What is expected
For the material below, output exactly the span from the line with "#147=ORIENTED_EDGE('',*,*,#146,.F.);" to the line with "#181=VECTOR('',#180,1.);", including both, and nothing besides.

Segment Start: Record set

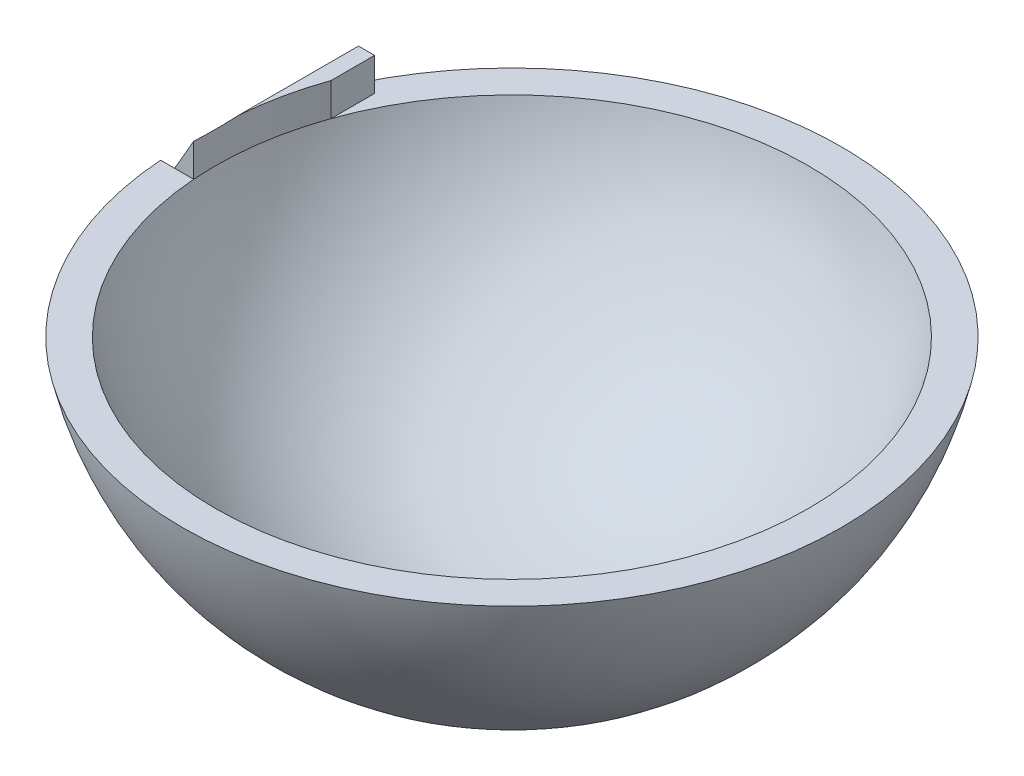
ISO-10303-21;
HEADER;
FILE_DESCRIPTION(('STEP AP214'),'2;1');
FILE_NAME('part.step','',(''),(''),'','','');
FILE_SCHEMA(('AUTOMOTIVE_DESIGN { 1 0 10303 214 1 1 1 1 }'));
ENDSEC;
DATA;
#1=APPLICATION_CONTEXT('core data for automotive mechanical design processes');
#2=APPLICATION_PROTOCOL_DEFINITION('international standard','automotive_design',2000,#1);
#3=PRODUCT_CONTEXT('',#1,'mechanical');
#4=PRODUCT('Part','Part','',(#3));
#5=PRODUCT_RELATED_PRODUCT_CATEGORY('part','',(#4));
#6=PRODUCT_DEFINITION_FORMATION('','',#4);
#7=PRODUCT_DEFINITION_CONTEXT('part definition',#1,'design');
#8=PRODUCT_DEFINITION('design','',#6,#7);
#9=PRODUCT_DEFINITION_SHAPE('','',#8);
#10=(LENGTH_UNIT() NAMED_UNIT(*) SI_UNIT(.MILLI.,.METRE.));
#11=(NAMED_UNIT(*) PLANE_ANGLE_UNIT() SI_UNIT($,.RADIAN.));
#12=(NAMED_UNIT(*) SI_UNIT($,.STERADIAN.) SOLID_ANGLE_UNIT());
#13=UNCERTAINTY_MEASURE_WITH_UNIT(LENGTH_MEASURE(1.E-05),#10,'distance_accuracy_value','');
#14=(GEOMETRIC_REPRESENTATION_CONTEXT(3) GLOBAL_UNCERTAINTY_ASSIGNED_CONTEXT((#13)) GLOBAL_UNIT_ASSIGNED_CONTEXT((#10,
#11,#12)) REPRESENTATION_CONTEXT('',''));
#15=CARTESIAN_POINT('',(0.,0.,0.));
#16=DIRECTION('',(0.,0.,1.));
#17=DIRECTION('',(1.,0.,0.));
#18=AXIS2_PLACEMENT_3D('',#15,#16,#17);
#19=CARTESIAN_POINT('',(0.,0.,0.));
#20=DIRECTION('',(0.,1.,0.));
#21=DIRECTION('',(-1.,0.,0.));
#22=AXIS2_PLACEMENT_3D('',#19,#20,#21);
#23=PLANE('',#22);
#24=DIRECTION('',(-1.,0.,0.));
#25=VECTOR('',#24,1.);
#26=CARTESIAN_POINT('',(0.,0.,4.31800000000001));
#27=LINE('',#26,#25);
#28=CARTESIAN_POINT('',(-56.986642083913,0.,4.31800000000001));
#29=VERTEX_POINT('',#28);
#30=CARTESIAN_POINT('',(-60.6528162932671,0.,4.31800000000001));
#31=VERTEX_POINT('',#30);
#32=EDGE_CURVE('E133',#29,#31,#27,.T.);
#33=ORIENTED_EDGE('',*,*,#32,.T.);
#34=DIRECTION('',(-1.,0.,0.));
#35=VECTOR('',#34,1.);
#36=CARTESIAN_POINT('',(0.,0.,4.31800000000001));
#37=LINE('',#36,#35);
#38=CARTESIAN_POINT('',(-63.35301789181,0.,4.31800000000001));
#39=VERTEX_POINT('',#38);
#40=EDGE_CURVE('E196',#31,#39,#37,.T.);
#41=ORIENTED_EDGE('',*,*,#40,.T.);
#42=CARTESIAN_POINT('',(0.,0.,0.));
#43=DIRECTION('',(0.,1.,0.));
#44=DIRECTION('',(-1.,0.,0.));
#45=AXIS2_PLACEMENT_3D('',#42,#43,#44);
#46=CIRCLE('',#45,63.5);
#47=CARTESIAN_POINT('',(-57.2689739387742,0.,-27.432));
#48=VERTEX_POINT('',#47);
#49=EDGE_CURVE('E168',#39,#48,#46,.T.);
#50=ORIENTED_EDGE('',*,*,#49,.T.);
#51=DIRECTION('',(-1.,0.,0.));
#52=VECTOR('',#51,1.);
#53=CARTESIAN_POINT('',(0.,0.,-27.432));
#54=LINE('',#53,#52);
#55=CARTESIAN_POINT('',(-53.8815367264149,0.,-27.432));
#56=VERTEX_POINT('',#55);
#57=EDGE_CURVE('E65',#56,#48,#54,.T.);
#58=ORIENTED_EDGE('',*,*,#57,.F.);
#59=DIRECTION('',(0.,0.,-1.));
#60=VECTOR('',#59,1.);
#61=CARTESIAN_POINT('',(-53.8815367264149,0.,0.));
#62=LINE('',#61,#60);
#63=CARTESIAN_POINT('',(-53.8815367264149,0.,-19.05));
#64=VERTEX_POINT('',#63);
#65=EDGE_CURVE('E148',#64,#56,#62,.T.);
#66=ORIENTED_EDGE('',*,*,#65,.F.);
#67=CARTESIAN_POINT('',(0.,0.,0.));
#68=DIRECTION('',(0.,1.,0.));
#69=DIRECTION('',(-1.,0.,0.));
#70=AXIS2_PLACEMENT_3D('',#67,#68,#69);
#71=CIRCLE('',#70,57.15);
#72=EDGE_CURVE('E171',#29,#64,#71,.T.);
#73=ORIENTED_EDGE('',*,*,#72,.F.);
#74=EDGE_LOOP('',(#33,#41,#50,#58,#66,#73));
#75=FACE_BOUND('',#74,.T.);
#76=ADVANCED_FACE('F42',(#75),#23,.T.);
#77=CARTESIAN_POINT('',(0.,14.0986265588136,0.));
#78=DIRECTION('',(0.,1.,0.));
#79=DIRECTION('',(1.,0.,0.));
#80=AXIS2_PLACEMENT_3D('',#77,#78,#79);
#81=SPHERICAL_SURFACE('',#80,65.0463009774183);
#82=ORIENTED_EDGE('',*,*,#49,.F.);
#83=CARTESIAN_POINT('',(0.,14.0986265588136,4.31800000000001));
#84=DIRECTION('',(0.,0.,-1.));
#85=DIRECTION('',(-1.,0.,0.));
#86=AXIS2_PLACEMENT_3D('',#83,#84,#85);
#87=CIRCLE('',#86,64.9028207926658);
#88=CARTESIAN_POINT('',(-60.6528162932671,-9.00141721906871,4.31800000000001));
#89=VERTEX_POINT('',#88);
#90=EDGE_CURVE('E12',#39,#89,#87,.F.);
#91=ORIENTED_EDGE('',*,*,#90,.T.);
#92=CARTESIAN_POINT('',(-60.6528162932671,14.0986265588136,0.));
#93=DIRECTION('',(1.,0.,0.));
#94=DIRECTION('',(0.,1.,0.));
#95=AXIS2_PLACEMENT_3D('',#92,#93,#94);
#96=CIRCLE('',#95,23.5001520535523);
#97=CARTESIAN_POINT('',(-60.6528162932671,0.,-18.8012200586875));
#98=VERTEX_POINT('',#97);
#99=EDGE_CURVE('E104',#98,#89,#96,.F.);
#100=ORIENTED_EDGE('',*,*,#99,.F.);
#101=CARTESIAN_POINT('',(0.,0.,0.));
#102=DIRECTION('',(0.,1.,0.));
#103=DIRECTION('',(-1.,0.,0.));
#104=AXIS2_PLACEMENT_3D('',#101,#102,#103);
#105=CIRCLE('',#104,63.5);
#106=EDGE_CURVE('E118',#48,#98,#105,.T.);
#107=ORIENTED_EDGE('',*,*,#106,.F.);
#108=EDGE_LOOP('',(#82,#91,#100,#107));
#109=FACE_BOUND('',#108,.T.);
#110=ADVANCED_FACE('F116',(#109),#81,.T.);
#111=CARTESIAN_POINT('',(0.,6.35,0.));
#112=DIRECTION('',(0.,-1.,0.));
#113=DIRECTION('',(1.,0.,0.));
#114=AXIS2_PLACEMENT_3D('',#111,#112,#113);
#115=CYLINDRICAL_SURFACE('',#114,63.5);
#116=CARTESIAN_POINT('',(0.,105.05375944208,0.));
#117=DIRECTION('',(-0.866025403784438,0.500000000000001,0.));
#118=DIRECTION('',(-0.500000000000001,-0.866025403784438,0.));
#119=AXIS2_PLACEMENT_3D('',#116,#117,#118);
#120=ELLIPSE('',#119,127.,63.5);
#121=CARTESIAN_POINT('',(-57.2689739387742,5.86098688278516,-27.432));
#122=VERTEX_POINT('',#121);
#123=EDGE_CURVE('E122',#122,#98,#120,.T.);
#124=ORIENTED_EDGE('',*,*,#123,.F.);
#125=DIRECTION('',(0.,-1.,0.));
#126=VECTOR('',#125,1.);
#127=CARTESIAN_POINT('',(-57.2689739387742,6.34999999999999,-27.432));
#128=LINE('',#127,#126);
#129=EDGE_CURVE('E131',#122,#48,#128,.T.);
#130=ORIENTED_EDGE('',*,*,#129,.T.);
#131=ORIENTED_EDGE('',*,*,#106,.T.);
#132=EDGE_LOOP('',(#124,#130,#131));
#133=FACE_BOUND('',#132,.T.);
#134=ADVANCED_FACE('F130',(#133),#115,.T.);
#135=CARTESIAN_POINT('',(0.,6.35,4.31800000000001));
#136=DIRECTION('',(0.,0.,1.));
#137=DIRECTION('',(1.,0.,0.));
#138=AXIS2_PLACEMENT_3D('',#135,#136,#137);
#139=PLANE('',#138);
#140=DIRECTION('',(0.,-1.,0.));
#141=VECTOR('',#140,1.);
#142=CARTESIAN_POINT('',(-56.986642083913,6.34999999999999,4.31800000000001));
#143=LINE('',#142,#141);
#144=CARTESIAN_POINT('',(-56.986642083913,6.34999999999999,4.31800000000001));
#145=VERTEX_POINT('',#144);
#146=EDGE_CURVE('E164',#145,#29,#143,.T.);
#147=ORIENTED_EDGE('',*,*,#146,.F.);
#148=DIRECTION('',(-0.500000000000001,-0.866025403784438,0.));
#149=VECTOR('',#148,1.);
#150=CARTESIAN_POINT('',(-45.4896122199503,26.26343986052,4.31800000000001));
#151=LINE('',#150,#149);
#152=EDGE_CURVE('E111',#145,#31,#151,.T.);
#153=ORIENTED_EDGE('',*,*,#152,.T.);
#154=ORIENTED_EDGE('',*,*,#32,.F.);
#155=EDGE_LOOP('',(#147,#153,#154));
#156=FACE_BOUND('',#155,.T.);
#157=ADVANCED_FACE('F222',(#156),#139,.T.);
#158=CARTESIAN_POINT('',(0.,6.35,0.));
#159=DIRECTION('',(0.,-1.,0.));
#160=DIRECTION('',(1.,0.,0.));
#161=AXIS2_PLACEMENT_3D('',#158,#159,#160);
#162=CYLINDRICAL_SURFACE('',#161,57.15);
#163=CARTESIAN_POINT('',(0.,105.05375944208,0.));
#164=DIRECTION('',(-0.866025403784438,0.500000000000001,0.));
#165=DIRECTION('',(-0.500000000000001,-0.866025403784438,0.));
#166=AXIS2_PLACEMENT_3D('',#163,#164,#165);
#167=ELLIPSE('',#166,114.3,57.15);
#168=CARTESIAN_POINT('',(-56.986642083913,6.34999999999999,-4.31799999999988));
#169=VERTEX_POINT('',#168);
#170=EDGE_CURVE('E57',#145,#169,#167,.F.);
#171=ORIENTED_EDGE('',*,*,#170,.F.);
#172=ORIENTED_EDGE('',*,*,#146,.T.);
#173=CARTESIAN_POINT('',(0.,0.,0.));
#174=DIRECTION('',(0.,1.,0.));
#175=DIRECTION('',(-1.,0.,0.));
#176=AXIS2_PLACEMENT_3D('',#173,#174,#175);
#177=CIRCLE('',#176,57.15);
#178=EDGE_CURVE('E138',#29,#64,#177,.F.);
#179=ORIENTED_EDGE('',*,*,#178,.T.);
#180=DIRECTION('',(0.,-1.,0.));
#181=VECTOR('',#180,1.);
#182=CARTESIAN_POINT('',(-53.8815367264149,6.34999999999999,-19.05));
#183=LINE('',#182,#181);
#184=CARTESIAN_POINT('',(-53.8815367264149,6.34999999999999,-19.05));
#185=VERTEX_POINT('',#184);
#186=EDGE_CURVE('E160',#185,#64,#183,.T.);
#187=ORIENTED_EDGE('',*,*,#186,.F.);
#188=CARTESIAN_POINT('',(0.,6.35,0.));
#189=DIRECTION('',(0.,1.,0.));
#190=DIRECTION('',(-1.,0.,0.));
#191=AXIS2_PLACEMENT_3D('',#188,#189,#190);
#192=CIRCLE('',#191,57.15);
#193=EDGE_CURVE('E153',#169,#185,#192,.F.);
#194=ORIENTED_EDGE('',*,*,#193,.F.);
#195=EDGE_LOOP('',(#171,#172,#179,#187,#194));
#196=FACE_BOUND('',#195,.T.);
#197=ADVANCED_FACE('F182',(#196),#162,.F.);
#198=CARTESIAN_POINT('',(0.,6.35,-27.432));
#199=DIRECTION('',(0.,0.,1.));
#200=DIRECTION('',(1.,0.,0.));
#201=AXIS2_PLACEMENT_3D('',#198,#199,#200);
#202=PLANE('',#201);
#203=DIRECTION('',(-0.500000000000001,-0.866025403784438,0.));
#204=VECTOR('',#203,1.);
#205=CARTESIAN_POINT('',(-42.7399815629347,31.02593986052,-27.432));
#206=LINE('',#205,#204);
#207=CARTESIAN_POINT('',(-56.986642083913,6.34999999999999,-27.432));
#208=VERTEX_POINT('',#207);
#209=EDGE_CURVE('E110',#208,#122,#206,.T.);
#210=ORIENTED_EDGE('',*,*,#209,.F.);
#211=DIRECTION('',(-1.,0.,0.));
#212=VECTOR('',#211,1.);
#213=CARTESIAN_POINT('',(0.,6.35,-27.432));
#214=LINE('',#213,#212);
#215=CARTESIAN_POINT('',(-53.8815367264149,6.34999999999999,-27.432));
#216=VERTEX_POINT('',#215);
#217=EDGE_CURVE('E142',#216,#208,#214,.T.);
#218=ORIENTED_EDGE('',*,*,#217,.F.);
#219=DIRECTION('',(0.,-1.,0.));
#220=VECTOR('',#219,1.);
#221=CARTESIAN_POINT('',(-53.8815367264149,6.34999999999999,-27.432));
#222=LINE('',#221,#220);
#223=EDGE_CURVE('E156',#216,#56,#222,.T.);
#224=ORIENTED_EDGE('',*,*,#223,.T.);
#225=ORIENTED_EDGE('',*,*,#57,.T.);
#226=ORIENTED_EDGE('',*,*,#129,.F.);
#227=EDGE_LOOP('',(#210,#218,#224,#225,#226));
#228=FACE_BOUND('',#227,.T.);
#229=ADVANCED_FACE('F235',(#228),#202,.F.);
#230=CARTESIAN_POINT('',(0.,6.35,0.));
#231=DIRECTION('',(0.,1.,0.));
#232=DIRECTION('',(-1.,0.,0.));
#233=AXIS2_PLACEMENT_3D('',#230,#231,#232);
#234=PLANE('',#233);
#235=ORIENTED_EDGE('',*,*,#217,.T.);
#236=DIRECTION('',(0.,0.,1.));
#237=VECTOR('',#236,1.);
#238=CARTESIAN_POINT('',(-56.986642083913,6.34999999999999,0.));
#239=LINE('',#238,#237);
#240=EDGE_CURVE('E50',#208,#169,#239,.T.);
#241=ORIENTED_EDGE('',*,*,#240,.T.);
#242=ORIENTED_EDGE('',*,*,#193,.T.);
#243=DIRECTION('',(0.,0.,-1.));
#244=VECTOR('',#243,1.);
#245=CARTESIAN_POINT('',(-53.8815367264149,6.34999999999999,0.));
#246=LINE('',#245,#244);
#247=EDGE_CURVE('E186',#185,#216,#246,.T.);
#248=ORIENTED_EDGE('',*,*,#247,.T.);
#249=EDGE_LOOP('',(#235,#241,#242,#248));
#250=FACE_BOUND('',#249,.T.);
#251=ADVANCED_FACE('F178',(#250),#234,.T.);
#252=CARTESIAN_POINT('',(0.,14.2904350353039,0.));
#253=DIRECTION('',(0.,1.,0.));
#254=DIRECTION('',(1.,0.,0.));
#255=AXIS2_PLACEMENT_3D('',#252,#253,#254);
#256=SPHERICAL_SURFACE('',#255,58.9095835454491);
#257=ORIENTED_EDGE('',*,*,#72,.T.);
#258=ORIENTED_EDGE('',*,*,#178,.F.);
#259=EDGE_LOOP('',(#257,#258));
#260=FACE_BOUND('',#259,.T.);
#261=ADVANCED_FACE('F225',(#260),#256,.F.);
#262=CARTESIAN_POINT('',(-53.8815367264149,6.34999999999999,0.));
#263=DIRECTION('',(-1.,0.,0.));
#264=DIRECTION('',(0.,-1.,0.));
#265=AXIS2_PLACEMENT_3D('',#262,#263,#264);
#266=PLANE('',#265);
#267=ORIENTED_EDGE('',*,*,#65,.T.);
#268=ORIENTED_EDGE('',*,*,#223,.F.);
#269=ORIENTED_EDGE('',*,*,#247,.F.);
#270=ORIENTED_EDGE('',*,*,#186,.T.);
#271=EDGE_LOOP('',(#267,#268,#269,#270));
#272=FACE_BOUND('',#271,.T.);
#273=ADVANCED_FACE('F210',(#272),#266,.F.);
#274=CARTESIAN_POINT('',(-45.4896122199503,26.26343986052,-28.702));
#275=DIRECTION('',(-0.866025403784438,0.500000000000001,0.));
#276=DIRECTION('',(-0.500000000000001,-0.866025403784438,0.));
#277=AXIS2_PLACEMENT_3D('',#274,#275,#276);
#278=PLANE('',#277);
#279=ORIENTED_EDGE('',*,*,#170,.T.);
#280=ORIENTED_EDGE('',*,*,#240,.F.);
#281=ORIENTED_EDGE('',*,*,#209,.T.);
#282=ORIENTED_EDGE('',*,*,#123,.T.);
#283=DIRECTION('',(0.,0.,1.));
#284=VECTOR('',#283,1.);
#285=CARTESIAN_POINT('',(-60.6528162932671,0.,-28.702));
#286=LINE('',#285,#284);
#287=EDGE_CURVE('E101',#98,#31,#286,.T.);
#288=ORIENTED_EDGE('',*,*,#287,.T.);
#289=ORIENTED_EDGE('',*,*,#152,.F.);
#290=EDGE_LOOP('',(#279,#280,#281,#282,#288,#289));
#291=FACE_BOUND('',#290,.T.);
#292=ADVANCED_FACE('F123',(#291),#278,.T.);
#293=CARTESIAN_POINT('',(0.,-10.16,4.31800000000001));
#294=DIRECTION('',(0.,0.,-1.));
#295=DIRECTION('',(-1.,0.,0.));
#296=AXIS2_PLACEMENT_3D('',#293,#294,#295);
#297=PLANE('',#296);
#298=ORIENTED_EDGE('',*,*,#40,.F.);
#299=DIRECTION('',(0.,1.,0.));
#300=VECTOR('',#299,1.);
#301=CARTESIAN_POINT('',(-60.6528162932671,-10.16,4.31800000000001));
#302=LINE('',#301,#300);
#303=EDGE_CURVE('E106',#89,#31,#302,.T.);
#304=ORIENTED_EDGE('',*,*,#303,.F.);
#305=ORIENTED_EDGE('',*,*,#90,.F.);
#306=EDGE_LOOP('',(#298,#304,#305));
#307=FACE_BOUND('',#306,.T.);
#308=ADVANCED_FACE('F202',(#307),#297,.T.);
#309=CARTESIAN_POINT('',(-60.6528162932671,-10.16,0.));
#310=DIRECTION('',(1.,0.,0.));
#311=DIRECTION('',(0.,1.,0.));
#312=AXIS2_PLACEMENT_3D('',#309,#310,#311);
#313=PLANE('',#312);
#314=ORIENTED_EDGE('',*,*,#99,.T.);
#315=ORIENTED_EDGE('',*,*,#303,.T.);
#316=ORIENTED_EDGE('',*,*,#287,.F.);
#317=EDGE_LOOP('',(#314,#315,#316));
#318=FACE_BOUND('',#317,.T.);
#319=ADVANCED_FACE('F103',(#318),#313,.F.);
#320=CLOSED_SHELL('',(#76,#110,#134,#157,#197,#229,#251,#261,#273,#292,#308,#319));
#321=MANIFOLD_SOLID_BREP('B2',#320);
#322=ADVANCED_BREP_SHAPE_REPRESENTATION('',(#18,#321),#14);
#323=SHAPE_DEFINITION_REPRESENTATION(#9,#322);
ENDSEC;
END-ISO-10303-21;

Segment End: Record set

Written response
#147=ORIENTED_EDGE('',*,*,#146,.F.);
#148=DIRECTION('',(-0.500000000000001,-0.866025403784438,0.));
#149=VECTOR('',#148,1.);
#150=CARTESIAN_POINT('',(-45.4896122199503,26.26343986052,4.31800000000001));
#151=LINE('',#150,#149);
#152=EDGE_CURVE('E111',#145,#31,#151,.T.);
#153=ORIENTED_EDGE('',*,*,#152,.T.);
#154=ORIENTED_EDGE('',*,*,#32,.F.);
#155=EDGE_LOOP('',(#147,#153,#154));
#156=FACE_BOUND('',#155,.T.);
#157=ADVANCED_FACE('F222',(#156),#139,.T.);
#158=CARTESIAN_POINT('',(0.,6.35,0.));
#159=DIRECTION('',(0.,-1.,0.));
#160=DIRECTION('',(1.,0.,0.));
#161=AXIS2_PLACEMENT_3D('',#158,#159,#160);
#162=CYLINDRICAL_SURFACE('',#161,57.15);
#163=CARTESIAN_POINT('',(0.,105.05375944208,0.));
#164=DIRECTION('',(-0.866025403784438,0.500000000000001,0.));
#165=DIRECTION('',(-0.500000000000001,-0.866025403784438,0.));
#166=AXIS2_PLACEMENT_3D('',#163,#164,#165);
#167=ELLIPSE('',#166,114.3,57.15);
#168=CARTESIAN_POINT('',(-56.986642083913,6.34999999999999,-4.31799999999988));
#169=VERTEX_POINT('',#168);
#170=EDGE_CURVE('E57',#145,#169,#167,.F.);
#171=ORIENTED_EDGE('',*,*,#170,.F.);
#172=ORIENTED_EDGE('',*,*,#146,.T.);
#173=CARTESIAN_POINT('',(0.,0.,0.));
#174=DIRECTION('',(0.,1.,0.));
#175=DIRECTION('',(-1.,0.,0.));
#176=AXIS2_PLACEMENT_3D('',#173,#174,#175);
#177=CIRCLE('',#176,57.15);
#178=EDGE_CURVE('E138',#29,#64,#177,.F.);
#179=ORIENTED_EDGE('',*,*,#178,.T.);
#180=DIRECTION('',(0.,-1.,0.));
#181=VECTOR('',#180,1.);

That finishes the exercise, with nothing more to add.